Report every line of the data where the string "find" appears.

[Collected data]
== == ==

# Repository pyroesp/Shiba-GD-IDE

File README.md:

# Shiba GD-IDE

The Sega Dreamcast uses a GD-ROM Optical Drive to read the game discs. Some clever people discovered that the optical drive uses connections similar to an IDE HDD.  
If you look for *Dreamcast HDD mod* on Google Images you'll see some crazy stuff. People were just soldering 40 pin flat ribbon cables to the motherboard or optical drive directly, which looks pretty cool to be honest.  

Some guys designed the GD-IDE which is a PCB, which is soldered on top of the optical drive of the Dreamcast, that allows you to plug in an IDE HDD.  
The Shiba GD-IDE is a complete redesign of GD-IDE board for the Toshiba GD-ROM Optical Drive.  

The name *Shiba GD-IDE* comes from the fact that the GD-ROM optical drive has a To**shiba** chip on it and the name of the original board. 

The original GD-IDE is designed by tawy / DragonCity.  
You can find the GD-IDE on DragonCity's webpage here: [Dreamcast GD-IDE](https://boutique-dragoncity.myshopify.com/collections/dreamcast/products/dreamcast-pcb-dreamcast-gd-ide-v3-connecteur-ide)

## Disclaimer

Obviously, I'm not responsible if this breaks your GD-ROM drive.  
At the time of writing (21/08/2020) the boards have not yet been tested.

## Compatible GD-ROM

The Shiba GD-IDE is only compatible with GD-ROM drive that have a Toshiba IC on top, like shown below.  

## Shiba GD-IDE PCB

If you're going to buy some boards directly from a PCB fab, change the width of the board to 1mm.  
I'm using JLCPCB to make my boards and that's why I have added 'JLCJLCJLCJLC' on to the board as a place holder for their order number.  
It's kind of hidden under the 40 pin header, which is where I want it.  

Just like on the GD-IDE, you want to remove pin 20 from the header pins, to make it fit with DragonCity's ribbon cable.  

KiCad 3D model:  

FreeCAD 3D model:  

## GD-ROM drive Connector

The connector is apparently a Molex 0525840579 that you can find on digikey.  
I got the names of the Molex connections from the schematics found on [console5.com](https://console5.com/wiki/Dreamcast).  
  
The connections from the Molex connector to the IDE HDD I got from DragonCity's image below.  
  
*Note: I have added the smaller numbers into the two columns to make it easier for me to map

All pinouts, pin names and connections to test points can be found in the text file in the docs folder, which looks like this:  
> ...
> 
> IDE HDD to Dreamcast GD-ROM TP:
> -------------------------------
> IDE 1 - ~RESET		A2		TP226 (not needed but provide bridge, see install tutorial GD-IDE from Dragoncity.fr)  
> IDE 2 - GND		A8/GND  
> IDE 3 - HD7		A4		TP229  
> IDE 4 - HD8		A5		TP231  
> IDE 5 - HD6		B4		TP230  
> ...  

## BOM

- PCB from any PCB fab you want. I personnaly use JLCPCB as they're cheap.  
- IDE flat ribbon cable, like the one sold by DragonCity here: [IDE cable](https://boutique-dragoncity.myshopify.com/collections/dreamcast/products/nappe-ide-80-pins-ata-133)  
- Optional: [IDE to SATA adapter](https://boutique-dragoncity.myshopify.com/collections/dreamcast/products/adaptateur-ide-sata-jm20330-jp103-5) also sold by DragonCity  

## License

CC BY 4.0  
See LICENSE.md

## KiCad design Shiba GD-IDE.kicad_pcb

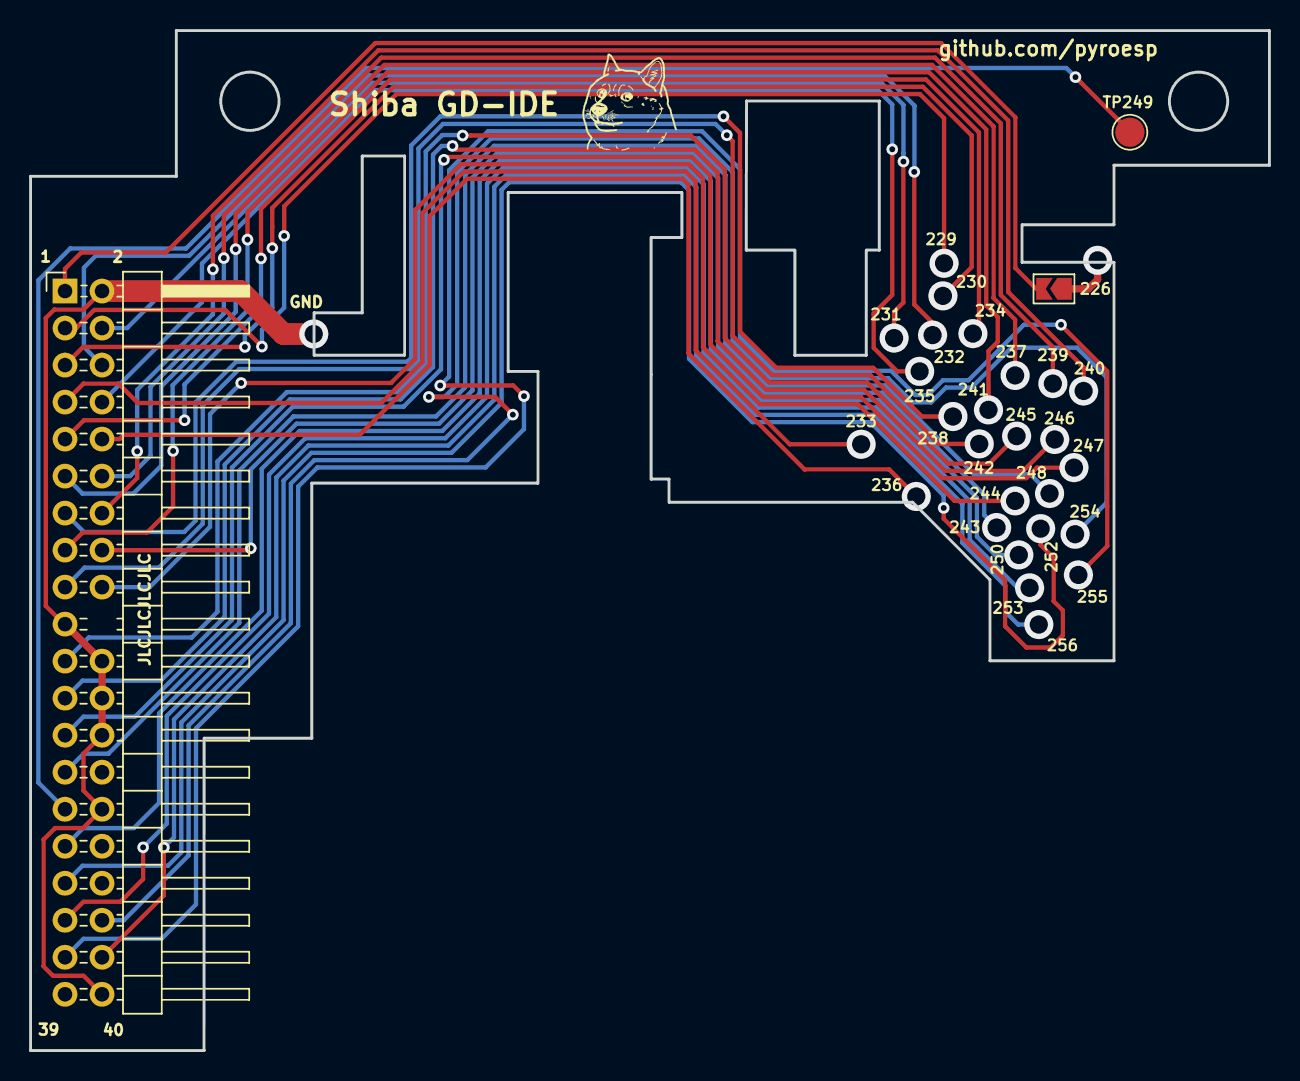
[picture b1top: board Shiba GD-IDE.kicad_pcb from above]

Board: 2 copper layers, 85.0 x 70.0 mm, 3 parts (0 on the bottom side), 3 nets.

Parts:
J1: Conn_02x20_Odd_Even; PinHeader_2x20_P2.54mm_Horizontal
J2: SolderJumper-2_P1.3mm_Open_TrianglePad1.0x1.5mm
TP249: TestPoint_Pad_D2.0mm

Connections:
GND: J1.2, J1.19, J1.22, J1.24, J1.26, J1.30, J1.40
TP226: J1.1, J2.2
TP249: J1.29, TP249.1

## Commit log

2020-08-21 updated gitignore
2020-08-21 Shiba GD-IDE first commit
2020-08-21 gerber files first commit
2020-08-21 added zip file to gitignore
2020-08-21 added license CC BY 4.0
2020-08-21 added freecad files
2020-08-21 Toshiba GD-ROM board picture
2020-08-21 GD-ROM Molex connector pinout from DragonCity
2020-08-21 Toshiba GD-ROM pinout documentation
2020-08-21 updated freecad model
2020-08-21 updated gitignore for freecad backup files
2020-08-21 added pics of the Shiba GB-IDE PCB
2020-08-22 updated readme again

== == ==

ANSWER TO THIS TASK:
You can find the GD-IDE on DragonCity's webpage here: [Dreamcast GD-IDE](https://boutique-dragoncity.myshopify.com/collections/dreamcast/products/dreamcast-pcb-dreamcast-gd-ide-v3-connecteur-ide)
The connector is apparently a Molex 0525840579 that you can find on digikey.  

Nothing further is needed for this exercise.